Pebble-mound mouse

Scientific classification
- Kingdom: Animalia
- Phylum: Chordata
- Class: Mammalia
- Order: Rodentia
- Family: Muridae
- Genus: Pseudomys
- Species group: Pebble-mound mice
- Species: Pseudomys calabyi; Pseudomys chapmani; Pseudomys johnsoni; Pseudomys patrius;

= Pebble-mound mouse =

Group of australian rodents

Pebble-mound mice are a group of rodents from Australia in the genus Pseudomys. They are small, brownish mice with medium to long, often pinkish brown tails. Unlike some other species of Pseudomys, they construct mounds of pebbles around their burrows, which play an important role in their social life.

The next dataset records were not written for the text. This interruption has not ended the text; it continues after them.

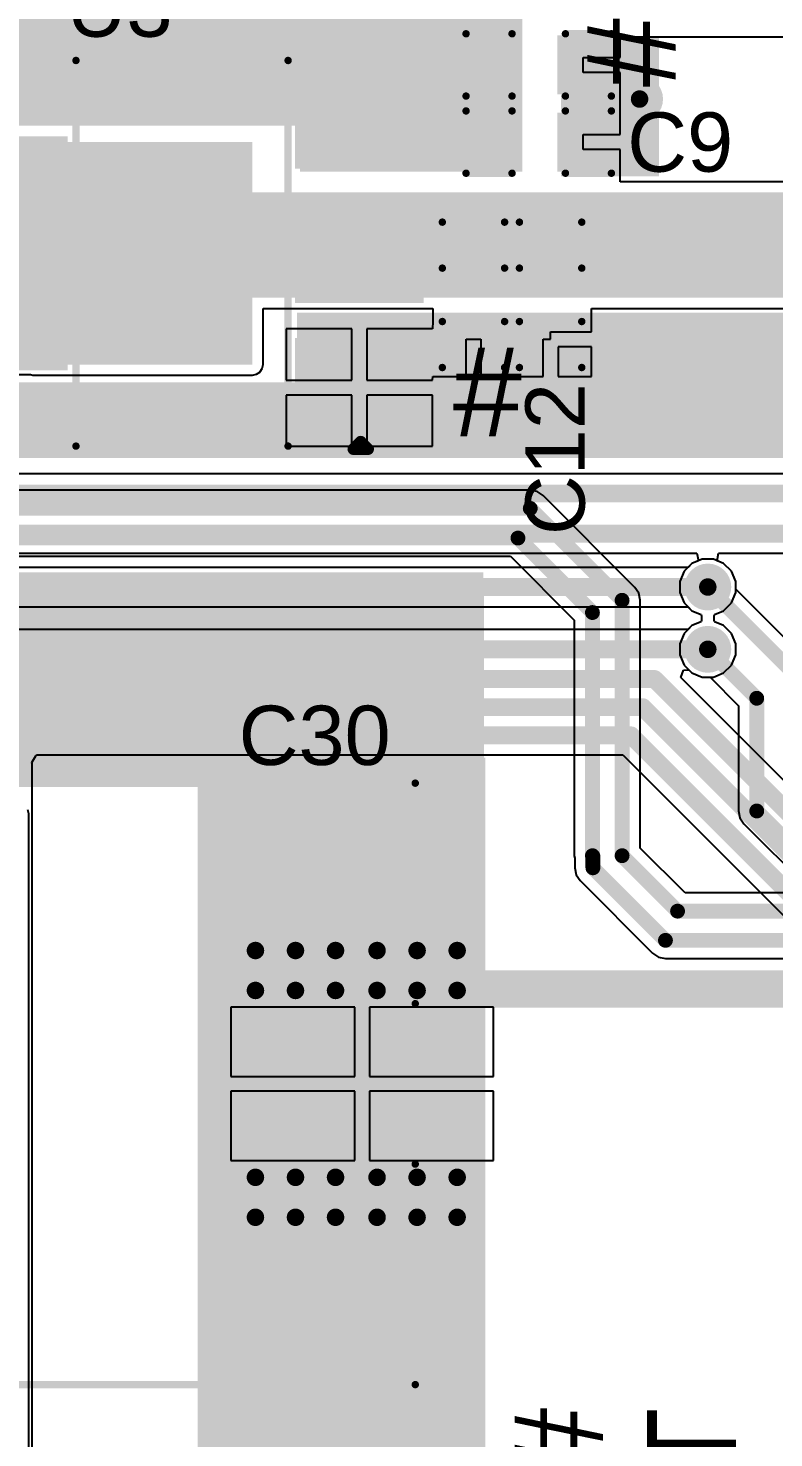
# Model space of a CAD drawing. Header units: millimetres. Extents: x -0.21 to 3.18, y -0.07 to 2.49.
# Drawn here: x 1.191 to 1.694, y 0.951 to 1.902 of the extents above; entities that cross this region are included whole.
import ezdxf

# ---------------------------------------------------------------- set-up
doc = ezdxf.new("R2010")
doc.units = ezdxf.units.MM
doc.header["$MEASUREMENT"] = 0
for name, color, linetype in [('BottomLayer', 5, 'Continuous'), ('BottomSolder', 6, 'Continuous'), ('TopLayer', 1, 'Continuous'), ('TopOverlay', 2, 'Continuous'), ('TopPaste', 8, 'Continuous'), ('TopSolder', 216, 'Continuous'), ('ViaHoleLayer', 16, 'Continuous')]:
    doc.layers.add(name, color=color, linetype=linetype)
doc.styles.add('Arial', font='', dxfattribs={"height": 0.2})
doc.styles.get('Arial').set_extended_font_data('Arial')

# ---------------------------------------------------------------- blocks, each defined once
blk = doc.blocks.new('UUD1A102MNL1GS_10')
at = {"layer": 'TopLayer'}
for points in [[(-0.24547, 0.04173), (-0.08839, 0.04173), (-0.08839, -0.04173), (-0.24547, -0.04173)], [(0.08839, 0.04173), (0.24547, 0.04173), (0.24547, -0.04173), (0.08839, -0.04173)]]:
    blk.add_hatch(color=1, dxfattribs=at).paths.add_polyline_path(points)
at = {"layer": 'TopPaste'}
for points in [[(-0.24547, 0.04173), (-0.08839, 0.04173), (-0.08839, -0.04173), (-0.24547, -0.04173)], [(0.08839, 0.04173), (0.24547, 0.04173), (0.24547, -0.04173), (0.08839, -0.04173)]]:
    blk.add_hatch(color=8, dxfattribs=at).paths.add_polyline_path(points)
at = {"layer": 'TopSolder'}
for points in [[(-0.24947, 0.04573), (-0.08439, 0.04573), (-0.08439, -0.04573), (-0.24947, -0.04573)], [(0.08439, 0.04573), (0.24947, 0.04573), (0.24947, -0.04573), (0.08439, -0.04573)]]:
    blk.add_hatch(color=216, dxfattribs=at).paths.add_polyline_path(points)
at = {"layer": 'TopOverlay', "const_width": 0.005}
for points in [[(-0.20276, 0.12165), (-0.12165, 0.20276)], [(-0.12165, 0.20276), (0.20276, 0.20276)], [(0.20276, 0.05409), (0.20276, 0.20276)], [(-0.20276, 0.05409), (-0.20276, 0.12165)], [(-0.22624, 0.07106), (-0.22624, 0.08483)], [(-0.24002, 0.07106), (-0.21246, 0.07106)], [(-0.22624, 0.05924), (-0.22624, 0.07106)], [(-0.20276, -0.12165), (-0.20276, -0.05409)], [(0.20276, -0.20276), (0.20276, -0.05409)], [(-0.20276, -0.12165), (-0.12165, -0.20276)], [(-0.12165, -0.20276), (0.20276, -0.20276)]]:
    blk.add_lwpolyline(points, dxfattribs=at)
at = {"layer": 'TopOverlay', "const_width": 0.0025}
for points in [[(-0.1229, 0.20276, 1), (-0.1204, 0.20276, 1)], [(-0.1229, 0.20276, 1), (-0.1204, 0.20276, 1)], [(0.20151, 0.20276, 1), (0.20401, 0.20276, 1)], [(0.20151, 0.20276, 1), (0.20401, 0.20276, 1)], [(-0.20401, 0.12165, 1), (-0.20151, 0.12165, 1)], [(-0.20401, 0.12165, 1), (-0.20151, 0.12165, 1)], [(-0.22749, 0.08483, 1), (-0.22499, 0.08483, 1)], [(-0.24127, 0.07106, 1), (-0.23877, 0.07106, 1)], [(-0.22749, 0.07106, 1), (-0.22499, 0.07106, 1)], [(-0.22749, 0.07106, 1), (-0.22499, 0.07106, 1)], [(-0.21371, 0.07106, 1), (-0.21121, 0.07106, 1)], [(-0.22749, 0.05924, 1), (-0.22499, 0.05924, 1)], [(-0.20401, 0.05409, 1), (-0.20151, 0.05409, 1)], [(0.20151, 0.05409, 1), (0.20401, 0.05409, 1)], [(-0.20401, -0.05409, 1), (-0.20151, -0.05409, 1)], [(0.20151, -0.05409, 1), (0.20401, -0.05409, 1)], [(-0.20401, -0.12165, 1), (-0.20151, -0.12165, 1)], [(-0.20401, -0.12165, 1), (-0.20151, -0.12165, 1)], [(-0.1229, -0.20276, 1), (-0.1204, -0.20276, 1)], [(-0.1229, -0.20276, 1), (-0.1204, -0.20276, 1)], [(0.20151, -0.20276, 1), (0.20401, -0.20276, 1)], [(0.20151, -0.20276, 1), (0.20401, -0.20276, 1)]]:
    blk.add_lwpolyline(points, format="xyb", close=True, dxfattribs=at)
blk = doc.blocks.new('SOT__223_12')
at = {"layer": 'TopLayer'}
for points in [[(-0.0748, 0.15945), (0.0748, 0.15945), (0.0748, 0.08071), (-0.0748, 0.08071)], [(-0.12008, -0.08071), (-0.06102, -0.08071), (-0.06102, -0.15945), (-0.12008, -0.15945)], [(-0.02953, -0.08071), (0.02953, -0.08071), (0.02953, -0.15945), (-0.02953, -0.15945)], [(0.06102, -0.08071), (0.12008, -0.08071), (0.12008, -0.15945), (0.06102, -0.15945)]]:
    blk.add_hatch(color=1, dxfattribs=at).paths.add_polyline_path(points)
at = {"layer": 'TopPaste'}
for points in [[(-0.0748, 0.15945), (0.0748, 0.15945), (0.0748, 0.08071), (-0.0748, 0.08071)], [(-0.12008, -0.08071), (-0.06102, -0.08071), (-0.06102, -0.15945), (-0.12008, -0.15945)], [(-0.02953, -0.08071), (0.02953, -0.08071), (0.02953, -0.15945), (-0.02953, -0.15945)], [(0.06102, -0.08071), (0.12008, -0.08071), (0.12008, -0.15945), (0.06102, -0.15945)]]:
    blk.add_hatch(color=8, dxfattribs=at).paths.add_polyline_path(points)
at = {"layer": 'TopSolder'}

There are four complementarily distributed species of pebble-mound mice in northern Australia. Their distribution appears to be limited by climatic conditions and the availability of pebbles and is thought to be the result of early Pleistocene dispersal across areas that are now inhospitable to pebble-mound mice. None of the four species is endangered.

==Taxonomy==
Pebble-mound mice also known as field mice comprise four species, which have complementary distributions across northern Australia. The four species are as follows:
- Western pebble-mound mouse (Pseudomys chapmani), Pilbara region (northern Western Australia), first described in 1980.
- Central pebble-mound mouse (Pseudomys johnsoni), from the Kimberley region of northernmost Western Australia through the central Northern Territory into westernmost Queensland, first described in 1985. The western populations were previously thought to be a separate species, P. laborifex, described in 1986, but the two are very closely related and are now considered to form a single species. Kimberley Mouse (Pseudomys laborifex) is still considered to be a unique species by the Western Australian Museum as of March 2015.
- Kakadu pebble-mound mouse (Pseudomys calabyi), northern Northern Territory, first described in 1987. It was first described as a subspecies of P. laborifex, but later recognized as a distinct species.
- Eastern pebble-mound mouse (Pseudomys patrius), eastern Queensland, first described in 1909. It was associated with the little native mouse (Pseudomys delicatulus) for many decades and recognized as a pebble-mound mouse only in 1991.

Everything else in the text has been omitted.